Хемингуэй впервые привел на улицу Флерюс Скотта Фицджеральда в 1925 году. Гертруда похвалила его за новый роман — «Великий Гэтсби», экземпляр которого Фицджеральд подарил ей во время их первой встречи. Вскоре после встречи с Гертрудой он написал ей восторженное письмо:
«Мы с женой думаем, что вы очень красивая, очень галантная, очень добросердечная леди, — думаем так с первого дня знакомства с вами. <...>
Я счастлив, что вы и еще один-два тонко чувствующих человека считаете меня и таких, как я, художниками... Так же как человек 1901 года был бы счастлив, если бы Ницше считал его интеллектуалом. Я в высшей степени второсортный человек по сравнению с людьми первого сорта — во мне гнездится нетерпимость и другие пороки, — и я воистину трепещу, когда думаю, что писатель вроде вас приписывает такое значение моему искусственному роману «По эту сторону рая». Я чувствую, что это ставит меня в ложное положение.

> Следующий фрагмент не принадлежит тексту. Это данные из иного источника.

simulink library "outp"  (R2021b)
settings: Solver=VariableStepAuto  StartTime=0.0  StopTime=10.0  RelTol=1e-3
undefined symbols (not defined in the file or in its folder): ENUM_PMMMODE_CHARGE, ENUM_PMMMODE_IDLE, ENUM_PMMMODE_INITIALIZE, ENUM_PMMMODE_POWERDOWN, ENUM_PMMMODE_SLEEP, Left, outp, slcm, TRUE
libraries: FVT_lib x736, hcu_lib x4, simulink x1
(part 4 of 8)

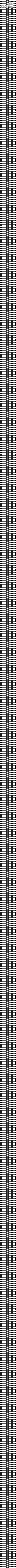
== system outp/OUTP/outpmodule ==
  VACC_HVTHCMSysAvail_enum : Inport
  VACC_LVBattVoltSta_enum : Inport  Port=2
  VACC_VehHVPwrAvail4THCM_W : Inport  Port=3
  VAPM_VehSpeed_kph : Inport  Port=4
  VAPM_VehSpeedTimeOut_flg : Inport  Port=5
  VAPM_FSOffSw_enum : Inport  Port=6
  VAPM_FSOffSwTimeOut_flg : Inport  Port=7
  VAPM_ChrgPlugSta_enum : Inport  Port=8
  VAPM_PASDRMR_cm : Inport  Port=9
  VAPM_PASDRML_cm : Inport  Port=10
  VAPM_PASDRCR_cm : Inport  Port=11
  VAPM_PASDRCL_cm : Inport  Port=12
  VAPM_PASDFMR_cm : Inport  Port=13
  VAPM_PASDFML_cm : Inport  Port=14
  VAPM_PASDFCR_cm : Inport  Port=15
  VAPM_PASDFCL_cm : Inport  Port=16
  VAPM_APSDRLR_cm : Inport  Port=17
  VAPM_APSDRLL_cm : Inport  Port=18
  VAPM_APSDFLR_cm : Inport  Port=19
  VAPM_APSDFLL_cm : Inport  Port=20
  VAPM_PASAFCL_enum : Inport  Port=21
  VAPM_PASARMR_enum : Inport  Port=22
  VAPM_PASARML_enum : Inport  Port=23
  VAPM_PASARCR_enum : Inport  Port=24
  VAPM_PASARCL_enum : Inport  Port=25
  VAPM_PASAFMR_enum : Inport  Port=26
  VAPM_PASAFML_enum : Inport  Port=27
  VAPM_PASAFCR_enum : Inport  Port=28
  VAPM_USSStaRMR_flg : Inport  Port=29
  VAPM_USSStaRML_flg : Inport  Port=30
  VAPM_USSStaRLR_flg : Inport  Port=31
  VAPM_USSStaRLL_flg : Inport  Port=32
  VAPM_USSStaRCR_flg : Inport  Port=33
  VAPM_USSStaRCL_flg : Inport  Port=34
  VAPM_USSStaFMR_flg : Inport  Port=35
  VAPM_USSStaFML_flg : Inport  Port=36
  VAPM_USSStaFLR_flg : Inport  Port=37
  VAPM_USSStaFLL_flg : Inport  Port=38
  VAPM_USSStaFCR_flg : Inport  Port=39
  VAPM_USSStaFCL_flg : Inport  Port=40
  VAPM_Chime_enum : Inport  Port=41
  VAPM_SNSRLayout_enum : Inport  Port=42
  VAPM_StaFSya_flg : Inport  Port=43
  VAPM_ModOperation_enum : Inport  Port=44
  VAPM_BrkPedalPos_pct : Inport  Port=45
  VAPM_BrkPedalPosTimeOut_flg : Inport  Port=46
  VAPM_LFRawWhlSpeed_kph : Inport  Port=47
  VAPM_LFRawWhlSpeedTimeOut_flg : Inport  Port=48
  VAPM_RFRawWhlSpeed_kph : Inport  Port=49
  VAPM_RFRawWhlSpeedTimeOut_flg : Inport  Port=50
  VAPM_LRRawWhlSpeed_kph : Inport  Port=51
  VAPM_LRRawWhlSpeedTimeOut_flg : Inport  Port=52
  VAPM_RRRawWhlSpeed_kph : Inport  Port=53
  VAPM_RRRawWhlSpeedTimeOut_flg : Inport  Port=54
  VAPM_LFRawWhlSpeedV_flg : Inport  Port=55
  VAPM_LFRawWhlSpeedVTimeOut_flg : Inport  Port=56
  VAPM_RFRawWhlSpeedV_flg : Inport  Port=57
  VAPM_RFRawWhlSpeedVTimeOut_flg : Inport  Port=58
  VAPM_LRRawWhlSpeedV_flg : Inport  Port=59
  VAPM_LRRawWhlSpeedVTimeOut_flg : Inport  Port=60
  VAPM_RRRawWhlSpeedV_flg : Inport  Port=61
  VAPM_RRRawWhlSpeedVTimeOut_flg : Inport  Port=62
  VAPM_LFWhlRotDir_enum : Inport  Port=63
  VAPM_LFWhlRotDirTimeOut_flg : Inport  Port=64
  VAPM_RFWhlRotDir_enum : Inport  Port=65
  VAPM_RFWhlRotDirTimeOut_flg : Inport  Port=66
  VAPM_LRWhlRotDir_enum : Inport  Port=67
  VAPM_LRWhlRotDirTimeOut_flg : Inport  Port=68
  VAPM_RRWhlRotDir_enum : Inport  Port=69
  VAPM_RRWhlRotDirTimeOut_flg : Inport  Port=70
  VAPM_LFPulseCountV_flg : Inport  Port=71
  VAPM_LFPulseCountVTimeOut_flg : Inport  Port=72
  VAPM_RFPulseCountV_flg : Inport  Port=73
  VAPM_RFPulseCountVTimeOut_flg : Inport  Port=74
  VAPM_LRPulseCountV_flg : Inport  Port=75
  VAPM_LRPulseCountVTimeOut_flg : Inport  Port=76
  VAPM_RRPulseCountV_flg : Inport  Port=77
  VAPM_RRPulseCountVTimeOut_flg : Inport  Port=78
  VAPM_LFPulseCount_enum : Inport  Port=79
  VAPM_LFPulseCountTimeOut_flg : Inport  Port=80
  VAPM_RFPulseCount_enum : Inport  Port=81
  VAPM_RFPulseCountTimeOut_flg : Inport  Port=82
  VAPM_LRPulseCount_enum : Inport  Port=83
  VAPM_LRPulseCountTimeOut_flg : Inport  Port=84
  VAPM_RRPulseCount_enum : Inport  Port=85
  VAPM_RRPulseCountTimeOut_flg : Inport  Port=86
  VAPM_ShifterHandleCmd_enum : Inport  Port=87
  VAPM_ShifterHandleCmdTimeOut_flg : Inport  Port=88
  VAPM_DriIntend_enum : Inport  Port=89
  VAPM_DriIntendTimeOut_flg : Inport  Port=90
  VAPM_EPSAOIControl_enum : Inport  Port=91
  VAPM_EPSAOIControlTimeOut_flg : Inport  Port=92
  VAPM_SASAngle_Deg : Inport  Port=93
  VAPM_SASAngleTimeOut_flg : Inport  Port=94
  VAPM_SASSpeed_degps : Inport  Port=95
  VAPM_SASSpeedTimeOut_flg : Inport  Port=96
  VAPM_SASSpeedValid_flg : Inport  Port=97
  VAPM_SASSpeedValidTimeOut_flg : Inport  Port=98
  VAPM_SASCAL_flg : Inport  Port=99
  VAPM_SASCALTimeOut_flg : Inport  Port=100
  VAPM_SASV_flg : Inport  Port=101
  VAPM_SASVTimeOut_flg : Inport  Port=102
  VAPM_GRADE_Deg : Inport  Port=103
  VAPM_GRADETimeOut_flg : Inport  Port=104
  VAPM_YawRate_degps : Inport  Port=105
  VAPM_YawRateTimeOut_flg : Inport  Port=106
  VAPM_LatAccel_Gps : Inport  Port=107
  VAPM_LatAccelTimeOut_flg : Inport  Port=108
  VAPM_LongAccel_Gps : Inport  Port=109
  VAPM_LongAccelTimeOut_flg : Inport  Port=110
  VAPM_MCPressure_bar : Inport  Port=111
  VAPM_MCPressureTimeOut_flg : Inport  Port=112
  VAPM_YawRateV_flg : Inport  Port=113
  VAPM_YawRateVTimeOut_flg : Inport  Port=114
  VAPM_LatAccelV_flg : Inport  Port=115
  VAPM_LatAccelVTimeOut_flg : Inport  Port=116
  VAPM_LongAccelV_flg : Inport  Port=117
  VAPM_LongAccelVTimeOut_flg : Inport  Port=118
  VAPM_MCPressureV_bar : Inport  Port=119
  VAPM_MCPressureVTimeOut_flg : Inport  Port=120
  VAPM_BrkSwSta_flg : Inport  Port=121
  VAPM_BrkSwStaTimeOut_flg : Inport  Port=122
  VAPM_BrkSwV_flg : Inport  Port=123
  VAPM_BrkSwVTimeOut_flg : Inport  Port=124
  VAPM_ESCStandstill_flg : Inport  Port=125
  VAPM_ESCStandstillTimeOut_flg : Inport  Port=126
  VAPM_ESCAPSSta_enum : Inport  Port=127
  VAPM_ESCAPSStaTimeOut_flg : Inport  Port=128
  VAPM_EPBExtReleaseAvail_flg : Inport  Port=129
  VAPM_EPBExtReleaseAvailTimeOut_flg : Inport  Port=130
  VAPM_EPBExtApplyAvail_flg : Inport  Port=131
  VAPM_EPBExtApplyAvailTimeOut_flg : Inport  Port=132
  VAPM_EPBErrSta_enum : Inport  Port=133
  VAPM_EPBErrStaTimeOut_flg : Inport  Port=134
  VAPM_EPBSta_enum : Inport  Port=135
  VAPM_EPBStaTimeOut_flg : Inport  Port=136
  VAPM_AVMparkingcancel_enum : Inport  Port=137
  VAPM_AVMparkingcancelTimeOut_flg : Inport  Port=138
  VAPM_AVMparkingexcute_enum : Inport  Port=139
  VAPM_AVMparkingexcuteTimeOut_flg : Inport  Port=140
  VAPM_AVMParkingmode_enum : Inport  Port=141
  VAPM_AVMParkingmodeTimeOut_flg : Inport  Port=142
  VAPM_AVMErrSTA_flg : Inport  Port=143
  VAPM_AVMErrSTATimeOut_flg : Inport  Port=144
  VAPM_IVIStatus_flg : Inport  Port=145
  VAPM_IVIStatusTimeOut_flg : Inport  Port=146
  VAPM_CAASSw_enum : Inport  Port=147
  VAPM_CAASSwTimeOut_flg : Inport  Port=148
  VAPM_IVIScreen_enum : Inport  Port=149
  VAPM_IVIScreenTimeOut_flg : Inport  Port=150
  VAPM_ABSActive_flg : Inport  Port=151
  VAPM_ABSActiveTimeOut_flg : Inport  Port=152
  VAPM_TCSActive_flg : Inport  Port=153
  VAPM_TCSActiveTimeOut_flg : Inport  Port=154
  VAPM_DriverSeatBeltCmd_flg : Inport  Port=155
  VAPM_DriverSeatBeltCmdTimeOut_flg : Inport  Port=156
  VAPM_APSProgressPCT_pct : Inport  Port=157
  VAPM_APSRQDisplay_enum : Inport  Port=158
  VAPM_APSSWVer_enum : Inport  Port=159
  VAPM_APSHWVer_enum : Inport  Port=160
  VAPM_APSExitCondition_enum : Inport  Port=161
  VAPM_APSAngleTarget_Deg : Inport  Port=162
  VAPM_APSVRqEPASCtrl_flg : Inport  Port=163
  VAPM_APSRqEPASCtrl_flg : Inport  Port=164
  VAPM_CAASSta_enum : Inport  Port=165
  VBCM_AntitheftSta_enum : Inport  Port=166
  VBCM_TailgateRemote_enum : Inport  Port=167
  VBCM_HornCtrl_flg : Inport  Port=168
  VBCM_AllDoorSW_flg : Inport  Port=169
  VBCM_BCMDoorLockSta_flg : Inport  Port=170
  VBCM_AntitheftSeatFlod_flg : Inport  Port=171
  VBCM_HoodSW_flg : Inport  Port=172
  VBCM_TailgateSW_flg : Inport  Port=173
  VBCM_DrDoorSW_flg : Inport  Port=174
  VBCM_PsDoorSW_flg : Inport  Port=175
  VBCM_RLDoorSW_flg : Inport  Port=176
  VBCM_RRDoorSW_flg : Inport  Port=177
  VBCM_LockSetting_flg : Inport  Port=178
  VBCM_FrChargingDoorCtrl_enum : Inport  Port=179
  VBCM_RrChargingDoorCtrl_enum : Inport  Port=180
  VBCM_CrashDetd_flg : Inport  Port=181
  VBCM_CTDCtrl_enum : Inport  Port=182
  VBCM_DoorLockIND_flg : Inport  Port=183
  VBCM_CTDLockSW_flg : Inport  Port=184
  VBCM_Dimmer_pct : Inport  Port=185
  VBCM_DimmerEN_flg : Inport  Port=186
  VBCM_PosLamp_flg : Inport  Port=187
  VBCM_LBeam_flg : Inport  Port=188
  VBCM_HBeam_flg : Inport  Port=189
  VBCM_RrFogLamp_flg : Inport  Port=190
  VBCM_BrakeLamp_flg : Inport  Port=191
  VBCM_ReverseLamp_flg : Inport  Port=192
  VBCM_LDRL_flg : Inport  Port=193
  VBCM_RDRL_flg : Inport  Port=194
  VBCM_LBSD_flg : Inport  Port=195
  VBCM_RBSD_flg : Inport  Port=196
  VBCM_HazardSW_flg : Inport  Port=197
  VBCM_LTurnLP_flg : Inport  Port=198
  VBCM_RTurnLP_flg : Inport  Port=199
  VBCM_BCMBuzzerReq_flg : Inport  Port=200
  VBCM_MirrorCtrl_enum : Inport  Port=201
  VBCM_MirrorDefog_flg : Inport  Port=202
  VBCM_RrDefog_flg : Inport  Port=203
  VBCM_RoomLampH_flg : Inport  Port=204
  VBCM_RoomLampL_flg : Inport  Port=205
  VBCM_TrunkRel_flg : Inport  Port=206
  VBCM_TailgateHDSW_flg : Inport  Port=207
  VBCM_FrWiperL_flg : Inport  Port=208
  VBCM_FrWiperH_flg : Inport  Port=209
  VBCM_RrWiper_flg : Inport  Port=210
  VBCM_WasherCtrl_enum : Inport  Port=211
  VBCM_WiperFixMode_flg : Inport  Port=212
  VBCM_User1DrAmbLightBrightness_enum : Inport  Port=213
  VBCM_User1IPAmbLightBrightness_enum : Inport  Port=214
  VBCM_User2DrAmbLightBrightness_enum : Inport  Port=215
  VBCM_User2IPAmbLightBrightness_enum : Inport  Port=216
  VBCM_User3DrAmbLightBrightness_enum : Inport  Port=217
  VBCM_User3IPAmbLightBrightness_enum : Inport  Port=218
  VBCM_User4DrAmbLightBrightness_enum : Inport  Port=219
  VBCM_User4IPAmbLightBrightness_enum : Inport  Port=220
  VBCM_User5DrAmbLightBrightness_enum : Inport  Port=221
  VBCM_User5IPAmbLightBrightness_enum : Inport  Port=222
  VBCM_User6DrAmbLightBrightness_enum : Inport  Port=223
  VBCM_User6IPAmbLightBrightness_enum : Inport  Port=224
  VBCM_User1AmbLightColor_enum : Inport  Port=225
  VBCM_User2AmbLightColor_enum : Inport  Port=226
  VBCM_User3AmbLightColor_enum : Inport  Port=227
  VBCM_User4AmbLightColor_enum : Inport  Port=228
  VBCM_User5AmbLightColor_enum : Inport  Port=229
  VBCM_User6AmbLightColor_enum : Inport  Port=230
  VBCM_AmbLightBreath1_flg : Inport  Port=231
  VBCM_AmbLightBreath2_flg : Inport  Port=232
  VBCM_AmbLightBreath3_flg : Inport  Port=233
  VBCM_AmbLightBrightness1_enum : Inport  Port=234
  VBCM_AmbLightBrightness2_enum : Inport  Port=235
  VBCM_AmbLightBrightness3_enum : Inport  Port=236
  VBCM_AmbLightColor1_enum : Inport  Port=237
  VBCM_AmbLightColor2_enum : Inport  Port=238
  VBCM_AmbLightColor3_enum : Inport  Port=239
  VBCM_LampPwr_flg : Inport  Port=240
  VBCM_SPTGDet_flg : Inport  Port=241
  VBCM_APSOpenPTG_flg : Inport  Port=242
  VBCM_FollowMe_flg : Inport  Port=243
  VBCM_IVIRST_flg : Inport  Port=244
  VBCM_CountAlarm_enum : Inport  Port=245
  VBCM_MFSWTri_flg : Inport  Port=246
  VBCM_MirrorFlodPos_flg : Inport  Port=247
  VBCM_FuelDoorPos_flg : Inport  Port=248
  VBCM_MFRDNBrightReq_pct : Inport  Port=249
  VBCM_RoomLampMode_flg : Inport  Port=250
  VBCM_IVIPTGUSStaSW_flg : Inport  Port=251
  VBCM_PTGInnerSW2_enum : Inport  Port=252
  VBCM_LDrvCtrlCmd_pct : Inport  Port=253
  VBCM_LPasCtrlCmd_pct : Inport  Port=254
  VBCM_LRLDCtrlCmd_pct : Inport  Port=255
  VBCM_LRRDCtrlCmd_pct : Inport  Port=256
  VBCM_APMDoorControlSta_flg : Inport  Port=257
  VBCM_LockAlarm_enum : Inport  Port=258
  VBCM_ATCtrl_enum : Inport  Port=259
  VBCM_fUnlockSingle_flg : Inport  Port=260
  VBCM_OutMode_enum : Inport  Port=261
  VDDM_C3BMS6RCDTC_raw32 : Inport  Port=262
  VDDM_C3BMS6CSDTC_raw32 : Inport  Port=263
  VDDM_C3BMS6LCDTC_raw32 : Inport  Port=264
  VDDM_C3BMS1RCDTC_raw32 : Inport  Port=265
  VDDM_C3BMS1CSDTC_raw32 : Inport  Port=266
  VDDM_C3BMS1LCDTC_raw32 : Inport  Port=267
  VDDM_C3CCU1RCDTC_raw32 : Inport  Port=268
  VDDM_C3CCU1CSDTC_raw32 : Inport  Port=269
  VDDM_C3CCU1LCDTC_raw32 : Inport  Port=270
  VDDM_C3CCU2RCDTC_raw32 : Inport  Port=271
  VDDM_C3CCU2CSDTC_raw32 : Inport  Port=272
  VDDM_C3CCU2LCDTC_raw32 : Inport  Port=273
  VDDM_C1ABM1RCDTC_raw32 : Inport  Port=274
  VDDM_C1ABM1CSDTC_raw32 : Inport  Port=275
  VDDM_C1ABM1LCDTC_raw32 : Inport  Port=276
  VDDM_Lv1ErrDTC_raw32 : Inport  Port=277
  VDDM_Lv2ErrDTC_raw32 : Inport  Port=278
  VDDM_Lv3ErrDTC_raw32 : Inport  Port=279
  VDDM_Lv4ErrDTC_raw32 : Inport  Port=280
  VDDM_BrkSWErrDTC_raw32 : Inport  Port=281
  VDDM_BrkSWNoBacDTC_raw32 : Inport  Port=282
  VDDM_KeyAuthDTC_raw32 : Inport  Port=283
  VDDM_ONtoRdyDTC_raw32 : Inport  Port=284
  VDDM_HVB4PreDTC_raw32 : Inport  Port=285
  VDDM_MCU4PreDTC_raw32 : Inport  Port=286
  VDDM_DCDC4PreDTC_raw32 : Inport  Port=287
  VDDM_HVRlyCloDTC_raw32 : Inport  Port=288
  VDDM_BMSRdyDTC_raw32 : Inport  Port=289
  VDDM_DCDCEnaDTC_raw32 : Inport  Port=290
  VDDM_HiLvSaChkDTC_raw32 : Inport  Port=291
  VDDM_MidLvSaChkDTC_raw32 : Inport  Port=292
  VDDM_MCUDisDTC_raw32 : Inport  Port=293
  VDDM_DCDCDisDTC_raw32 : Inport  Port=294
  VDDM_HVRlyOpDTC_raw32 : Inport  Port=295
  VDDM_MCUActDTC_raw32 : Inport  Port=296
  VDDM_OBC4PreDTC_raw32 : Inport  Port=297
  VDDM_IniLVLoDTC_raw32 : Inport  Port=298
  VDDM_LVSupLoDTC_raw32 : Inport  Port=299
  VDDM_LVSupHiDTC_raw32 : Inport  Port=300
  VDDM_DrStSWDTC_raw32 : Inport  Port=301
  VDDM_FLDoorSWDTC_raw32 : Inport  Port=302
  VDDM_RLDoorSWDTC_raw32 : Inport  Port=303
  VDDM_FRDoorSWDTC_raw32 : Inport  Port=304
  VDDM_RRDoorSWDTC_raw32 : Inport  Port=305
  VDDM_HoodSWDTC_raw32 : Inport  Port=306
  VDDM_TailgaSWDTC_raw32 : Inport  Port=307
  VDDM_VehMalfunLevel_enum : Inport  Port=308
  VDDM_APS1SigOoRDTC_raw32 : Inport  Port=309
  VDDM_APS2SigOoRDTC_raw32 : Inport  Port=310
  VDDM_APSCorrErrDTC_raw32 : Inport  Port=311
  VDDM_MCUF1NoComDTC_raw32 : Inport  Port=312
  VDDM_MCUR1NoComDTC_raw32 : Inport  Port=313
  VDDM_Shifter1NoComDTC_raw32 : Inport  Port=314
  VDDM_ESC7NoComDTC_raw32 : Inport  Port=315
  VDDM_ESC1NoComDTC_raw32 : Inport  Port=316
  VDDM_ESC5NoComDTC_raw32 : Inport  Port=317
  VDDM_EnterNewOperCyc_flg : Inport  Port=318
  VDDM_DiagHCrashDTC_raw32 : Inport  Port=319
  VDDM_DiagFLTSDTC_raw32 : Inport  Port=320
  VDDM_DiagFRTSDTC_raw32 : Inport  Port=321
  VDDM_DiagRLTSDTC_raw32 : Inport  Port=322
  VDDM_DiagRRTSDTC_raw32 : Inport  Port=323
  VDDM_FCLUSSDTC_raw32 : Inport  Port=324
  VDDM_FMLUSSDTC_raw32 : Inport  Port=325
  VDDM_FMRUSSDTC_raw32 : Inport  Port=326
  VDDM_FCRUSSDTC_raw32 : Inport  Port=327
  VDDM_RCLUSSDTC_raw32 : Inport  Port=328
  VDDM_RMLUSSDTC_raw32 : Inport  Port=329
  VDDM_RMRUSSDTC_raw32 : Inport  Port=330
  VDDM_RCRUSSDTC_raw32 : Inport  Port=331
  VDDM_FLLUSSDTC_raw32 : Inport  Port=332
  VDDM_FLRUSSDTC_raw32 : Inport  Port=333
  VDDM_RLLUSSDTC_raw32 : Inport  Port=334
  VDDM_RLRUSSDTC_raw32 : Inport  Port=335
  VDDM_FCM2NoComDTC_raw32 : Inport  Port=336
  VDDM_FCM2RCErrDTC_raw32 : Inport  Port=337
  VDDM_FCM2CSErrDTC_raw32 : Inport  Port=338
  VDDM_FCM3NoComDTC_raw32 : Inport  Port=339
  VDDM_FCM3RCErrDTC_raw32 : Inport  Port=340
  VDDM_FCM3CSErrDTC_raw32 : Inport  Port=341
  VDDM_FCM4NoComDTC_raw32 : Inport  Port=342
  VDDM_FCM4CSErrDTC_raw32 : Inport  Port=343
  VDDM_FCM5NoComDTC_raw32 : Inport  Port=344
  VDDM_FCM5CSErrDTC_raw32 : Inport  Port=345
  VDDM_ZoneSCPNoComDTC_raw32 : Inport  Port=346
  VDDM_BMSSigErrDetDTC_raw32 : Inport  Port=347
  VDDM_FCMACCSigErrDetDTC_raw32 : Inport  Port=348
  VDDM_FrMCUSigErrDetDTC_raw32 : Inport  Port=349
  VDDM_RrMCUSigErrDetDTC_raw32 : Inport  Port=350
  VDDM_CCUSigErrDetDTC_raw32 : Inport  Port=351
  VDDM_ACCAccelCmdErrDetDTC_raw32 : Inport  Port=352
  VDDM_ACCMalfuncDetDTC_raw32 : Inport  Port=353
  VDDM_CCMalfuncDetDTC_raw32 : Inport  Port=354
  VDDM_MSAMalfuncDetDTC_raw32 : Inport  Port=355
  VDDM_ISAMalfuncDetDTC_raw32 : Inport  Port=356
  VDDM_MCUF1RCErrDTC_raw32 : Inport  Port=357
  VDDM_MCUR1RCErrDTC_raw32 : Inport  Port=358
  VDDM_MCUF1CSErrDTC_raw32 : Inport  Port=359
  VDDM_MCUR1CSErrDTC_raw32 : Inport  Port=360
  VDDM_Shifter1RCErrDTC_raw32 : Inport  Port=361
  VDDM_Shifter1CSErrDTC_raw32 : Inport  Port=362
  VDDM_ESC7RCErrDTC_raw32 : Inport  Port=363
  VDDM_ESC7CSErrDTC_raw32 : Inport  Port=364
  VDDM_ESC1RCErrDTC_raw32 : Inport  Port=365
  VDDM_ESC1CSErrDTC_raw32 : Inport  Port=366
  VDDM_ESC5RCErrDTC_raw32 : Inport  Port=367
  VDDM_ESC5CSErrDTC_raw32 : Inport  Port=368
  VDDM_FrMCUTqErrDTC_raw32 : Inport  Port=369
  VDDM_RrMCUTqErrDTC_raw32 : Inport  Port=370
  VDDM_LFBatwarnDTC_raw32 : Inport  Port=371
  VDDM_RFBatwarnDTC_raw32 : Inport  Port=372
  VDDM_LRBatwarnDTC_raw32 : Inport  Port=373
  VDDM_RRBatwarnDTC_raw32 : Inport  Port=374
  VDDM_LFPressIndiDTC_raw32 : Inport  Port=375
  VDDM_RFPressIndiDTC_raw32 : Inport  Port=376
  VDDM_LRPressIndiDTC_raw32 : Inport  Port=377
  VDDM_RRPressIndiDTC_raw32 : Inport  Port=378
  VDDM_LFWheelTmpHighDTC_raw32 : Inport  Port=379
  VDDM_RFWheelTmpHighDTC_raw32 : Inport  Port=380
  VDDM_LRWheelTmpHighDTC_raw32 : Inport  Port=381
  VDDM_RRWheelTmpHighDTC_raw32 : Inport  Port=382
  VDDM_LFSensorFailDTC_raw32 : Inport  Port=383
  VDDM_RFSensorFailDTC_raw32 : Inport  Port=384
  VDDM_LRSensorFailDTC_raw32 : Inport  Port=385
  VDDM_RRSensorFailDTC_raw32 : Inport  Port=386
  VDDM_C1EPAS2LCDTC_raw32 : Inport  Port=387
  VDDM_5vAPS1PwrErrDTC_raw32 : Inport  Port=388
  VDDM_5vAPS2PwrErrDTC_raw32 : Inport  Port=389
  VDDM_EPBLockTODTC_raw32 : Inport  Port=390
  VDDM_EPBUnlockTODTC_raw32 : Inport  Port=391
  VDDM_THCMAPTCWarning_raw32 : Inport  Port=392
  VDDM_LimpHomeActTmp_flg : Inport  Port=393
  VDDM_EDriveSysErr_VCUErrTmp_flg : Inport  Port=394
  VDHP_ActAPSPosn_pct : Inport  Port=395
  VDHP_EAPS1MIN_pct : Inport  Port=396
  VDHP_EAPS2MIN_pct : Inport  Port=397
  VDKC_DKCTimeSN_cnt : Inport  Port=398
  VDKC_DKCAuthSta_enum : Inport  Port=399
  VNMM_AllCANTxReq_flg : Inport  Port=400
  VNMM_NMmTxReq_flg : Inport  Port=401
  VNMM_Awake_enum : Inport  Port=402
  VNMM_CSB_flg : Inport  Port=403
  VNMM_ErrorState_enum : Inport  Port=404
  VNMM_NodeID_enum : Inport  Port=405
  VNMM_PNI_flg : Inport  Port=406
  VNMM_RptMsgReq_flg : Inport  Port=407
  VNMM_WakeUp_enum : Inport  Port=408
  VNMM_ActiveWU_flg : Inport  Port=409
  VNMM_SysNMmSta_enum : Inport  Port=410
  VNMM_NetworkReq_flg : Inport  Port=411
  VPMM_PowerUpState_enum : Inport  Port=412
  VPMM_PowerDownState_enum : Inport  Port=413
  VPMM_PowerUpFault_enum : Inport  Port=414
  VPMM_PowerDownFault_enum : Inport  Port=415
  VPMM_ActiveDischargeReq_flg : Inport  Port=416
  VPMM_DCDCEnaReq_flg : Inport  Port=417
  VPMM_DCDCVoltSetpoint_V : Inport  Port=418
  VPMM_HVBatCnctReq_flg : Inport  Port=419
  VPMM_HVSysReadyToCharge_enum : Inport  Port=420
  VPMM_PowerSta_enum : Inport  Port=421
  VPMM_LVPwrSta_flg : Inport  Port=422
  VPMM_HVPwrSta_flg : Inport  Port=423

У меня, как у Гэтсби, только одна надежда».
Гертруда Стайн определила развитие современного искусства на десятилетия вперед. В середине 1930-х годов Гертруда напомнила своим читателям, что искусство Матисса и Пикассо когда-то презиралось. «Сейчас, когда все привыкли ко всему, очень трудно дать представление о том беспокойстве, которое когда-то испытывал, впервые взглянув на все эти картины на стенах».
В 1968 году коллекцию Гертруды Стайн оценили в $6,25 миллиона. Требуемую сумму внесли пять человек, среди которых были Дэвид и Нельсон Рокфеллеры. В настоящее время большинство картин коллекции находится в Музее современного искусства в Нью-Йорке.